We posit these findings are consistent with the established role of oncogene-induced senescence in early melanocytic lesions, where BRAF
V600E is present, but MAPK signaling remains constrained. As a result, activation of DRP1-S616 phosphorylation may be driven by multiple alternative kinases, diluting any direct association with BRAF status. In contrast, progression to melanoma is associated with escape from senescence and reactivation of MAPK signaling, which is linked to increased DRP1-S616 phosphorylation and its detection by 3G11. Indeed, melanoma cells may have greater reliance on mitochondrial dynamics to support proliferation, survival, and stress adaptation; as such, DRP1-mediated fission may become more directly linked to oncogenic signaling outputs. Thus, in primary melanoma, BRAF
V600E-driven signaling more consistently promotes DRP1-S616 phosphorylation to meet metabolic and apoptotic thresholds, whereas in nevi, mitochondrial dynamics are less tightly coupled to oncogenic BRAF status and remain more heterogeneous [
28,
29].
These IHC patterns also suggest that DRP1-S616Ⓟ is more reflective of established malignant signaling rather than an indicator of early lesion initiation. Accordingly, the current data support the use of 3G11 as a tool to assess MAPK pathway activity in melanoma, while its prognostic value in benign or premalignant lesions remains unclear. Determining whether DRP1-S616Ⓟ provides information independent of BRAFV600E status will require further evaluation in larger, clinically annotated cohorts. We also hypothesize that understanding the relationship between BRAFV600E and DRP1-S616Ⓟ may reveal insights into mitochondria-focused metabolic vulnerabilities and stress signaling that could impact combination therapies and immune checkpoint inhibition.
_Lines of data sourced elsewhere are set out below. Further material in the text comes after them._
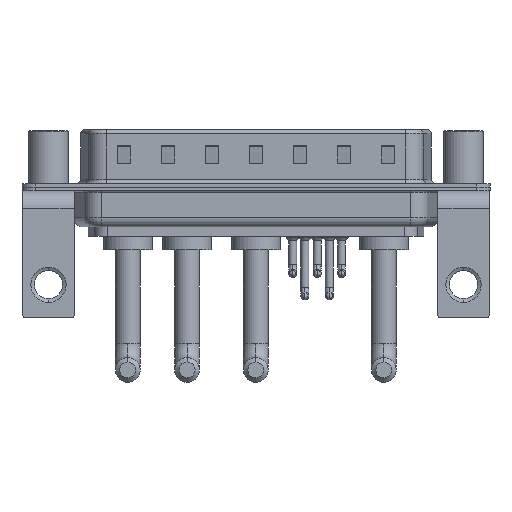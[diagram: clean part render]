
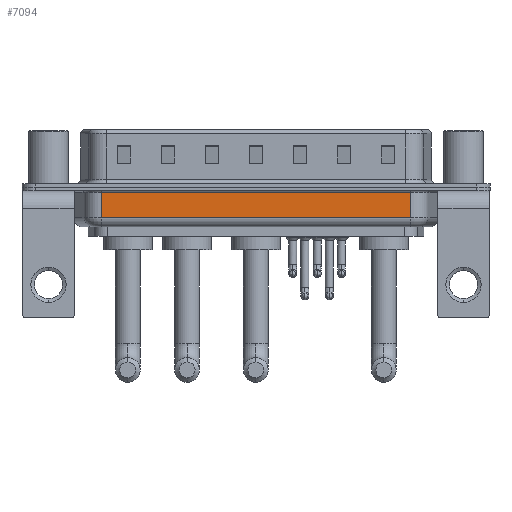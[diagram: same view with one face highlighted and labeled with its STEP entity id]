
A CAD part, front view. The second image highlights one B-rep face of the part: STEP entity #7094.
In plain terms, the highlighted planar face has unit normal (0, -1, 0).
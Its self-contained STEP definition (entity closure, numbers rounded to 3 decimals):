
#281 = LINE ( 'NONE', #8112, #9479 ) ;
#305 = VERTEX_POINT ( 'NONE', #15956 ) ;
#2170 = DIRECTION ( 'NONE',  ( -1., 0., 0. ) ) ;
#2449 = EDGE_CURVE ( 'NONE', #7814, #12454, #17818, .T. ) ;
#3382 = CARTESIAN_POINT ( 'NONE',  ( 6.006, -5.35, -4.5 ) ) ;
#3891 = LINE ( 'NONE', #3382, #11859 ) ;
#4176 = EDGE_CURVE ( 'NONE', #12454, #6623, #20977, .T. ) ;
#6552 = CARTESIAN_POINT ( 'NONE',  ( 6.006, -5.35, -4.5 ) ) ;
#6623 = VERTEX_POINT ( 'NONE', #12391 ) ;
#7094 = ADVANCED_FACE ( 'NONE', ( #16173 ), #23857, .F. ) ;
#7814 = VERTEX_POINT ( 'NONE', #23512 ) ;
#8098 = CARTESIAN_POINT ( 'NONE',  ( 6.006, -5.35, -3.5 ) ) ;
#8112 = CARTESIAN_POINT ( 'NONE',  ( 6.006, -5.35, -0.65 ) ) ;
#8239 = ORIENTED_EDGE ( 'NONE', *, *, #16033, .T. ) ;
#9479 = VECTOR ( 'NONE', #2170, 1000. ) ;
#11594 = DIRECTION ( 'NONE',  ( 0., 0., 1. ) ) ;
#11859 = VECTOR ( 'NONE', #11594, 1000. ) ;
#12391 = CARTESIAN_POINT ( 'NONE',  ( 41.044, -5.35, -0.65 ) ) ;
#12454 = VERTEX_POINT ( 'NONE', #23452 ) ;
#13429 = ORIENTED_EDGE ( 'NONE', *, *, #4176, .T. ) ;
#13961 = ORIENTED_EDGE ( 'NONE', *, *, #14266, .F. ) ;
#14266 = EDGE_CURVE ( 'NONE', #7814, #305, #3891, .T. ) ;
#14282 = DIRECTION ( 'NONE',  ( 0., 1., 0. ) ) ;
#14920 = DIRECTION ( 'NONE',  ( 0., 0., 1. ) ) ;
#15956 = CARTESIAN_POINT ( 'NONE',  ( 6.006, -5.35, -0.65 ) ) ;
#16021 = VECTOR ( 'NONE', #21493, 1000. ) ;
#16033 = EDGE_CURVE ( 'NONE', #6623, #305, #281, .T. ) ;
#16054 = VECTOR ( 'NONE', #14920, 1000. ) ;
#16173 = FACE_OUTER_BOUND ( 'NONE', #19157, .T. ) ;
#17785 = AXIS2_PLACEMENT_3D ( 'NONE', #6552, #14282, #21968 ) ;
#17818 = LINE ( 'NONE', #8098, #16021 ) ;
#19157 = EDGE_LOOP ( 'NONE', ( #13961, #19229, #13429, #8239 ) ) ;
#19229 = ORIENTED_EDGE ( 'NONE', *, *, #2449, .T. ) ;
#20977 = LINE ( 'NONE', #22990, #16054 ) ;
#21493 = DIRECTION ( 'NONE',  ( 1., 0., 0. ) ) ;
#21968 = DIRECTION ( 'NONE',  ( 0., 0., 1. ) ) ;
#22990 = CARTESIAN_POINT ( 'NONE',  ( 41.044, -5.35, -4.5 ) ) ;
#23452 = CARTESIAN_POINT ( 'NONE',  ( 41.044, -5.35, -3.5 ) ) ;
#23512 = CARTESIAN_POINT ( 'NONE',  ( 6.006, -5.35, -3.5 ) ) ;
#23857 = PLANE ( 'NONE',  #17785 ) ;

Similar observations have been described in RAS-driven systems, which share features such as increased glycolytic activity and altered mitochondrial dynamics [
9,
10]. These observations support the use of DRP1-S616Ⓟ as a molecular readout of mitochondrial division in oncogenic contexts, although further validation across tumor types is needed, including brain, colon, lung, and pancreatic tumors, where DRP1 is implicated in disease [
10,
11,
12,
13,
14,
15]. Building upon this, the 3G11 antibody recognizing active DRP1 enables the integration of DRP1-S616Ⓟ into established biomarker paradigms, positioning mitochondrial dynamics alongside established melanoma markers to potentially support both discovery efforts and clinically actionable patient stratification, prognosis, and therapeutic response prediction [
30,
31].
Compared with most commercially available DRP1-S616Ⓟ antibodies commonly used in the literature, the new recombinant monoclonal antibody derived from a human DRP1 peptide offers several important advantages for the study of mitochondrial division. Most antibodies targeting DRP1-S616Ⓟ are polyclonal preparations generated against undefined phosphopeptides using standard hybridomas, resulting in heterogeneous antibody populations with variable affinity and epitope recognition. This heterogeneity can lead to lot-to-lot variability, reduced reliability, and increased susceptibility to cross-reactivity with closely related phospho-epitopes. In contrast, recombinant production of a defined VH/L human-sequence monoclonal DRP1-S616Ⓟ antibody ensures molecular uniformity, batch-to-batch consistency, stable long-term availability throughout research program longevity, and is more economical. The single human-specific epitope further improves performance in complex human samples, including FFPE tissues, where polyclonal reagents frequently exhibit elevated background or inconsistent staining and are not recommended. In summary, recombinant 3G11 demonstrates robust and reproducible detection of DRP1-S616Ⓟ across immunoblotting, immunofluorescence, and histologic platforms, thereby enhancing experimental rigor throughout a complex study and supporting its use for integrated mechanistic and translational investigations of mitochondrial division in cancer and related disease contexts.